Work to complete: Locate the line that contains "line L9 (12.7, -12.7)" in the entries below, then repeat it and every following line through the line that contains "line L13 (12.7, -3.2512)", exactly, and no others.

Record set:
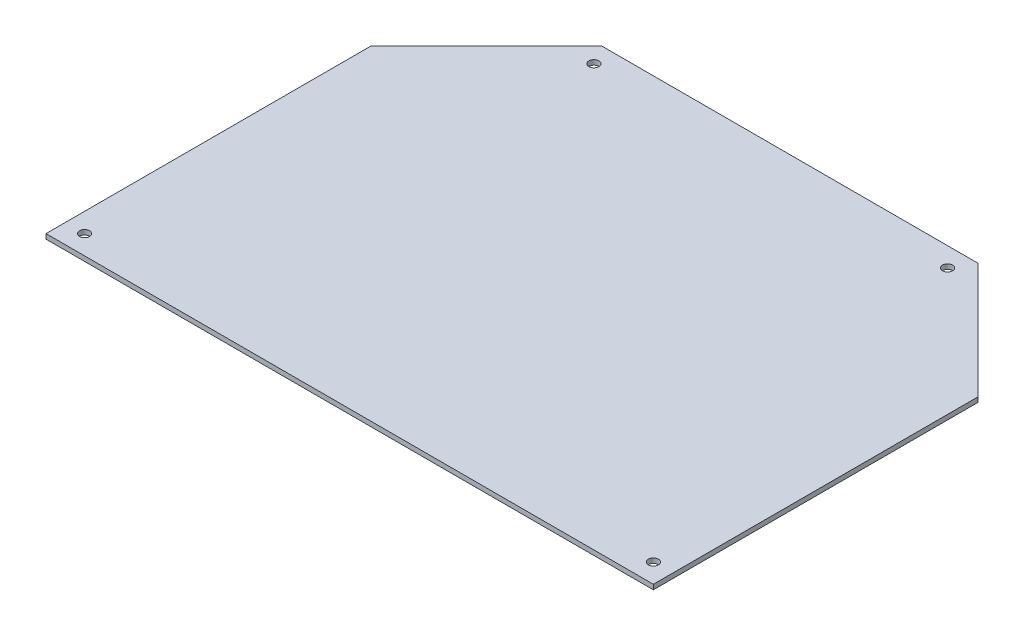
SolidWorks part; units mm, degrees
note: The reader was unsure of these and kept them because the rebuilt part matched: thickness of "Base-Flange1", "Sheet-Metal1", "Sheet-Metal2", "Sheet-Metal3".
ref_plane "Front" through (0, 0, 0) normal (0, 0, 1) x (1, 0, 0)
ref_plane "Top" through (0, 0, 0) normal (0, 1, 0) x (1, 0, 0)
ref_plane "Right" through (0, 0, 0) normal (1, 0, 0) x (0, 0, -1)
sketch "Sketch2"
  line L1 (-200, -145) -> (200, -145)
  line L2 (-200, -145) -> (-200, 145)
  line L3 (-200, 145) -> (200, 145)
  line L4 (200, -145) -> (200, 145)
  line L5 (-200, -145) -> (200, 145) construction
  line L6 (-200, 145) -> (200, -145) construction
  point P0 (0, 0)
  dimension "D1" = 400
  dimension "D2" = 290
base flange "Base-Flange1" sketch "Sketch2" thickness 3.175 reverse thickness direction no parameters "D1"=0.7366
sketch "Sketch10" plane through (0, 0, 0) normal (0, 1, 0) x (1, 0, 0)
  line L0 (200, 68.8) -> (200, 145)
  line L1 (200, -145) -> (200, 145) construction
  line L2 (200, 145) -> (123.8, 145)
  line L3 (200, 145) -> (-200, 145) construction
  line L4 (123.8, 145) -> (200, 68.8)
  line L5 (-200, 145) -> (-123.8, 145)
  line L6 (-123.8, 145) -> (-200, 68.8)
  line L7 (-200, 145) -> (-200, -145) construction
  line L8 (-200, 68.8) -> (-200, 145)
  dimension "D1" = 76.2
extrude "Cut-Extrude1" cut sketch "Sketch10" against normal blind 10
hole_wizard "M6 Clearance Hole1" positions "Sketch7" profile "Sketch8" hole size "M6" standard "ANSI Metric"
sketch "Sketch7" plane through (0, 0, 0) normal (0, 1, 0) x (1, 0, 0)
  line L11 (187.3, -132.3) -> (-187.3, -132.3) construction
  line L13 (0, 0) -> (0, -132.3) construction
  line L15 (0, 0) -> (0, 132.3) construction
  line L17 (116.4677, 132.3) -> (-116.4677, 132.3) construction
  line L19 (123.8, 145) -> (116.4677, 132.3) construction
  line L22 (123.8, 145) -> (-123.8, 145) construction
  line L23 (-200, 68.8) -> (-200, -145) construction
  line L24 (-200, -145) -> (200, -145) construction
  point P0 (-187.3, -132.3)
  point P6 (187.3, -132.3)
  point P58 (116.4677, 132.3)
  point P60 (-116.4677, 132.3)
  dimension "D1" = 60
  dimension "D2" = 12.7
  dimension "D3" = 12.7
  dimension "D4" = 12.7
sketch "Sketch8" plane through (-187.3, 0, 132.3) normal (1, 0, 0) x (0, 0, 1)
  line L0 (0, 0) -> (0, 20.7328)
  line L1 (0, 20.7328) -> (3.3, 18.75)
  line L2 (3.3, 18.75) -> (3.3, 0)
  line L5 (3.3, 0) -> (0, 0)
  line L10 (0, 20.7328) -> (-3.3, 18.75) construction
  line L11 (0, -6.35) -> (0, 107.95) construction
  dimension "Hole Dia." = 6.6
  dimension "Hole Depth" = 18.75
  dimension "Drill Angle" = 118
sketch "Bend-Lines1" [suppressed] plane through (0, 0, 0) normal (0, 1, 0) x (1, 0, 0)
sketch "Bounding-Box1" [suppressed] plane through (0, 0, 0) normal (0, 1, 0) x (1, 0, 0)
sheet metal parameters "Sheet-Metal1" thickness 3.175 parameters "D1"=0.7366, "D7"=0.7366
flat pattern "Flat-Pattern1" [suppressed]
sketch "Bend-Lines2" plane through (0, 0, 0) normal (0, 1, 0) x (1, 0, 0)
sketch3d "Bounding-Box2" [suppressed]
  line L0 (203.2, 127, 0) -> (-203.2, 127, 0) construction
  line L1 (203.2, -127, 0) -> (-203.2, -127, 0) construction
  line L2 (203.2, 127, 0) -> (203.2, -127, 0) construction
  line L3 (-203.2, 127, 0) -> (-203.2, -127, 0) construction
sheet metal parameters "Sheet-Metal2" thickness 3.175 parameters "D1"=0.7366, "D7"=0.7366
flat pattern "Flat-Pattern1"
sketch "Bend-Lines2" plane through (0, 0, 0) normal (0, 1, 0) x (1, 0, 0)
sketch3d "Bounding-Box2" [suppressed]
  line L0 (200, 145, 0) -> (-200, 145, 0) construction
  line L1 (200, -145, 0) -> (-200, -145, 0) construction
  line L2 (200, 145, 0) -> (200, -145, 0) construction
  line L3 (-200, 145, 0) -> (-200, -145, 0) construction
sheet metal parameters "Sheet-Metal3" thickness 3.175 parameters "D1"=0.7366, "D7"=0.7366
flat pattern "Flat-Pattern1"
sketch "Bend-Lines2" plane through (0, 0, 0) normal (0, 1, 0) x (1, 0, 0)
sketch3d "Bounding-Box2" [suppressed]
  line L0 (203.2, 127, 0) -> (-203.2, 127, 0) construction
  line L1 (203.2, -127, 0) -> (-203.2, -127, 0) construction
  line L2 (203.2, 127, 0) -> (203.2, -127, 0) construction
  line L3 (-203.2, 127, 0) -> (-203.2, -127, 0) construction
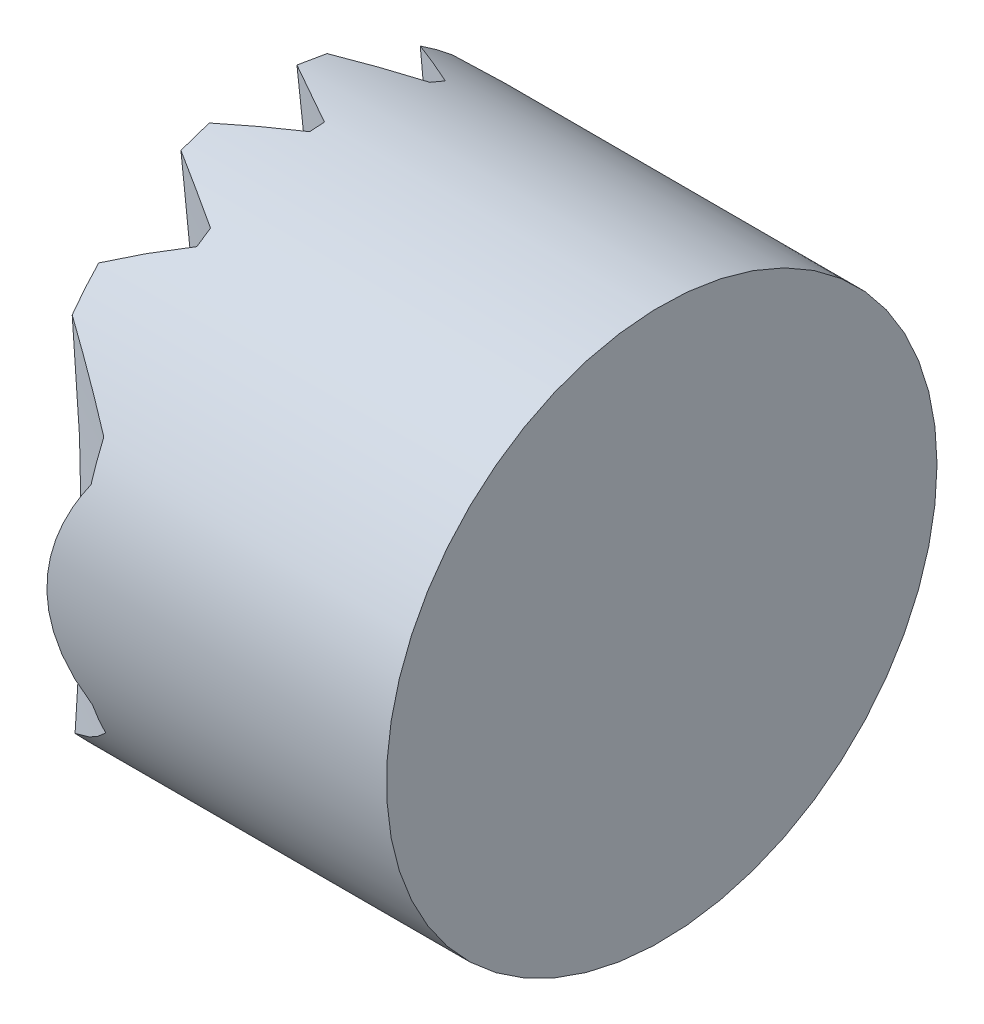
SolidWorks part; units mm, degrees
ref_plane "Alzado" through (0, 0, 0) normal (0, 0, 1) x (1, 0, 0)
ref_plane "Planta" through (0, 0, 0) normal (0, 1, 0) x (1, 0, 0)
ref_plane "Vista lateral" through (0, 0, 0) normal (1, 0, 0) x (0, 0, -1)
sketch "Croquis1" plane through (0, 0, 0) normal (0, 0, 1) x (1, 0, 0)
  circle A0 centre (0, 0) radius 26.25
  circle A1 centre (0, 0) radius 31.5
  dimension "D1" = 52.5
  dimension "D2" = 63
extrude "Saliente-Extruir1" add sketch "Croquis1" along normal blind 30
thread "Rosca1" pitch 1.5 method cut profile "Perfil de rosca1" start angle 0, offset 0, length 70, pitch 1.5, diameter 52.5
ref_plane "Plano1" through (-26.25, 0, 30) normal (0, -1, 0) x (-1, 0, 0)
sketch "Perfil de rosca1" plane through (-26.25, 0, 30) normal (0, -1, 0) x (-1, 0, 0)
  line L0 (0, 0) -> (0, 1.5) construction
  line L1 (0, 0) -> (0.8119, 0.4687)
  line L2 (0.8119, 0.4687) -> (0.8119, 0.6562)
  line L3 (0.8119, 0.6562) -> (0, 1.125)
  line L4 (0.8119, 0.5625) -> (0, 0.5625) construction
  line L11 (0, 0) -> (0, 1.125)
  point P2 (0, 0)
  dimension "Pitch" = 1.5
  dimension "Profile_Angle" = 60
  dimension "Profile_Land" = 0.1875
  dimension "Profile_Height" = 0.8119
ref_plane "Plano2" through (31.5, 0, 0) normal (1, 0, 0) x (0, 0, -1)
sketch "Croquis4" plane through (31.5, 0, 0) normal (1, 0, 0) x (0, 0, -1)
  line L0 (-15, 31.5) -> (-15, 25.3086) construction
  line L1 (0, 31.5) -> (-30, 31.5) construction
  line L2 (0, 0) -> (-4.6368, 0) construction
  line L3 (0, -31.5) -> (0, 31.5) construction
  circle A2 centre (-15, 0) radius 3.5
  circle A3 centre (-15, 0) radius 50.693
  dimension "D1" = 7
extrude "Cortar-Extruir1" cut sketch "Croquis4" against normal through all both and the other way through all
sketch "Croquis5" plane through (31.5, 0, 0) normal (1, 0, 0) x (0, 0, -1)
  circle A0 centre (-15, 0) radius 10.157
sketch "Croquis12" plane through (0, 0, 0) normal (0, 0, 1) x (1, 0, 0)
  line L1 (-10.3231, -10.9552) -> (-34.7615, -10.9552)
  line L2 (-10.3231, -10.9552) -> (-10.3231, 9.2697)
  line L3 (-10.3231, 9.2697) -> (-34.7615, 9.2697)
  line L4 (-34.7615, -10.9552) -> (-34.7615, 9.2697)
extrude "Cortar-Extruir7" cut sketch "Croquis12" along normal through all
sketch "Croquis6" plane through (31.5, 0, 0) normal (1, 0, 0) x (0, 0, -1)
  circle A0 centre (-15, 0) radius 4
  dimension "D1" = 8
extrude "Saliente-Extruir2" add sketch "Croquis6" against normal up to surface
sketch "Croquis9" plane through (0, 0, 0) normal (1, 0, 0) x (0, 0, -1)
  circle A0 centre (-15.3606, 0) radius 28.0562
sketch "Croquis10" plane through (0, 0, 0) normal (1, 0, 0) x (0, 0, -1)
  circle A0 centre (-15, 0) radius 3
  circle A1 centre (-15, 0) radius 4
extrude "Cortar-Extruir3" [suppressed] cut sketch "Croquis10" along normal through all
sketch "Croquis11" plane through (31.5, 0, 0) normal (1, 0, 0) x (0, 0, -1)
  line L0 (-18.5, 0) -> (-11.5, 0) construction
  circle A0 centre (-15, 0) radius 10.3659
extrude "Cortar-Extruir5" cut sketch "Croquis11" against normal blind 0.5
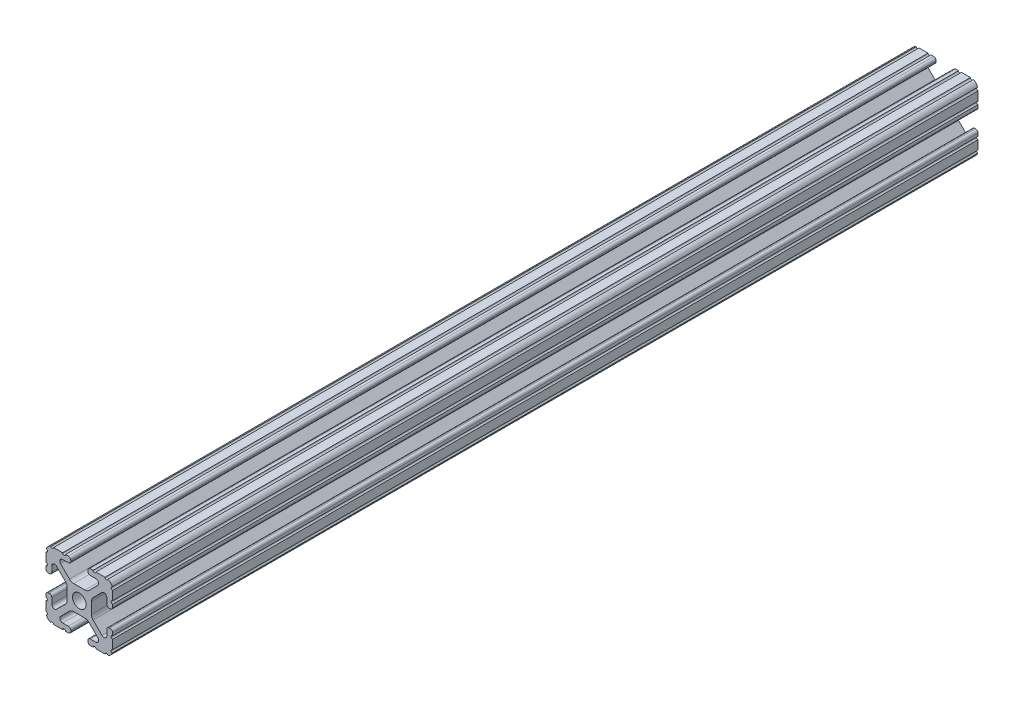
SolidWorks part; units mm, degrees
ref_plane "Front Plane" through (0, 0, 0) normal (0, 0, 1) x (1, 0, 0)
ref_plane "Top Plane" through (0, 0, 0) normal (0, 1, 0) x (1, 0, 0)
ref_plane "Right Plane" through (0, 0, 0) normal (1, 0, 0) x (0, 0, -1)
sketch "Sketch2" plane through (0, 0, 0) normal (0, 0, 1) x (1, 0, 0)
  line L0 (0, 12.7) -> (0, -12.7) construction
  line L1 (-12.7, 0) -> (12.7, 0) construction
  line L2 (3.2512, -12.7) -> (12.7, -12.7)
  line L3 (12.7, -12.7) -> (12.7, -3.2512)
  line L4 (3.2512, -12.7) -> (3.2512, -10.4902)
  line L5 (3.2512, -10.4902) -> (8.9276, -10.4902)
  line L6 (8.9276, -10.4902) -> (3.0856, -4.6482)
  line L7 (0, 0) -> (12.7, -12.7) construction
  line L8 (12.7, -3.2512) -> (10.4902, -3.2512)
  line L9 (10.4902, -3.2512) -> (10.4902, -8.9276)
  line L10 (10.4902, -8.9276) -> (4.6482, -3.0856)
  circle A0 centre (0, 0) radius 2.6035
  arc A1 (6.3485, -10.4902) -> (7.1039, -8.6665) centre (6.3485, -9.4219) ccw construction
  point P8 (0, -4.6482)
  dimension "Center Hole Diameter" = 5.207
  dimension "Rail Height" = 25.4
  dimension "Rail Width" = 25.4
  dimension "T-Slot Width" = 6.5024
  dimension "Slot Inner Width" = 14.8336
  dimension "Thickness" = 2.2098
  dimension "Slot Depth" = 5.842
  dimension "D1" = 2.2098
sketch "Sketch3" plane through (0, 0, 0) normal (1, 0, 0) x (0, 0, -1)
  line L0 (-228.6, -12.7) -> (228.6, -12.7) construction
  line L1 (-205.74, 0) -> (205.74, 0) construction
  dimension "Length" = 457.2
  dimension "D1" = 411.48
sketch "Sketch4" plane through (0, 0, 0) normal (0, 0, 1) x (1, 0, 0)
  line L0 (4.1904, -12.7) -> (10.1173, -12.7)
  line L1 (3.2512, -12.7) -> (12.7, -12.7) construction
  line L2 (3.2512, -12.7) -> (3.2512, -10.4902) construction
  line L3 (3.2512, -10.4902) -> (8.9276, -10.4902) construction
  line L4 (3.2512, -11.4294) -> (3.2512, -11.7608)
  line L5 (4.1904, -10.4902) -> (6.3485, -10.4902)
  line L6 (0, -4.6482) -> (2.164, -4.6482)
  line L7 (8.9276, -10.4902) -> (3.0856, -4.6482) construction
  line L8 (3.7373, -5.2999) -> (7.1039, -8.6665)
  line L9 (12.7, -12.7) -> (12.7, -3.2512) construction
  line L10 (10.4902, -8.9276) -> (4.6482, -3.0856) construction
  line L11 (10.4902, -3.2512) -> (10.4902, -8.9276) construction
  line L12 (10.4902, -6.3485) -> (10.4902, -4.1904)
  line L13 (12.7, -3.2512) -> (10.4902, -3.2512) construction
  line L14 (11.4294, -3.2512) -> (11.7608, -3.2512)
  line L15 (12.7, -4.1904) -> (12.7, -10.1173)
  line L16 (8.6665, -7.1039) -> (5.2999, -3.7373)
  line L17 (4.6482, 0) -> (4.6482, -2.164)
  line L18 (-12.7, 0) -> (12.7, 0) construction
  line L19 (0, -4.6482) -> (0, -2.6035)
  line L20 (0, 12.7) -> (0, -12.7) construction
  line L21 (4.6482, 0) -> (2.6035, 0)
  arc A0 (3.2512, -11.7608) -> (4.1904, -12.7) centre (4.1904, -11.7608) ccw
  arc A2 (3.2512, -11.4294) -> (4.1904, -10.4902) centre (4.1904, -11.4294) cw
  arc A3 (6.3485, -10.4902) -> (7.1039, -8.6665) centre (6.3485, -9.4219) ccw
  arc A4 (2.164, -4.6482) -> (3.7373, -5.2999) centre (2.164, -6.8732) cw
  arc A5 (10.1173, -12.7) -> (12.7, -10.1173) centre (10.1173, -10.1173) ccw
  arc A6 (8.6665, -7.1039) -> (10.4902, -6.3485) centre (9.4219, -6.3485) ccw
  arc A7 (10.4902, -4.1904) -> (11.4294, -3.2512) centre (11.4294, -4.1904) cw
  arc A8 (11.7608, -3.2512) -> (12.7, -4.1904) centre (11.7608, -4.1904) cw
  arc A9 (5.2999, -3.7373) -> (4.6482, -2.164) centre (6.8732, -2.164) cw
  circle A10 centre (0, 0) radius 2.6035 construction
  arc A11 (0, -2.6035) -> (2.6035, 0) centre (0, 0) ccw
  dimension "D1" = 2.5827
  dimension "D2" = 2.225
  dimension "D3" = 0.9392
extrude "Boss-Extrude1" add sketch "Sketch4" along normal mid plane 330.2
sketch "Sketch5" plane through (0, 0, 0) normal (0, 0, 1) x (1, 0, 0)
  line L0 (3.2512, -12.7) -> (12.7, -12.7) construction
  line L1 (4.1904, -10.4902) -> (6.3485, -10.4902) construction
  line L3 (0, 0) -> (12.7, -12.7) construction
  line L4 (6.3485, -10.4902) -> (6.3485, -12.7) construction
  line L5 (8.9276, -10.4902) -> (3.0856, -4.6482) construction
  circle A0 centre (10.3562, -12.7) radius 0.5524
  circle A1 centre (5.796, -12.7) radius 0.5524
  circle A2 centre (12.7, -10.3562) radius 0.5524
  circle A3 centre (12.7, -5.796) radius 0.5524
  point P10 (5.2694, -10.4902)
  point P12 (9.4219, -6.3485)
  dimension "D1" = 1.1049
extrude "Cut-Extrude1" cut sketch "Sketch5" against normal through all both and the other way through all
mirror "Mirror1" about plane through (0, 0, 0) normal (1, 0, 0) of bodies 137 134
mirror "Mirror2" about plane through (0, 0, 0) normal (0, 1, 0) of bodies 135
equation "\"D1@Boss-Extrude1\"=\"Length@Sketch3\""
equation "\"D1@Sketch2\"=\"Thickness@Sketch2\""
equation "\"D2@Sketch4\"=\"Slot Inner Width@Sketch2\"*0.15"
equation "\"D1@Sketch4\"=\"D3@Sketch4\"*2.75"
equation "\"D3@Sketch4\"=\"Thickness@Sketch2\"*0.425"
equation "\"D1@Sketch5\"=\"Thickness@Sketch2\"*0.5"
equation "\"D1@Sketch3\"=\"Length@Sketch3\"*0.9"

Answer to this exercise:
  line L9 (12.7, -12.7) -> (12.7, -3.2512) construction
  line L10 (10.4902, -8.9276) -> (4.6482, -3.0856) construction
  line L11 (10.4902, -3.2512) -> (10.4902, -8.9276) construction
  line L12 (10.4902, -6.3485) -> (10.4902, -4.1904)
  line L13 (12.7, -3.2512) -> (10.4902, -3.2512) construction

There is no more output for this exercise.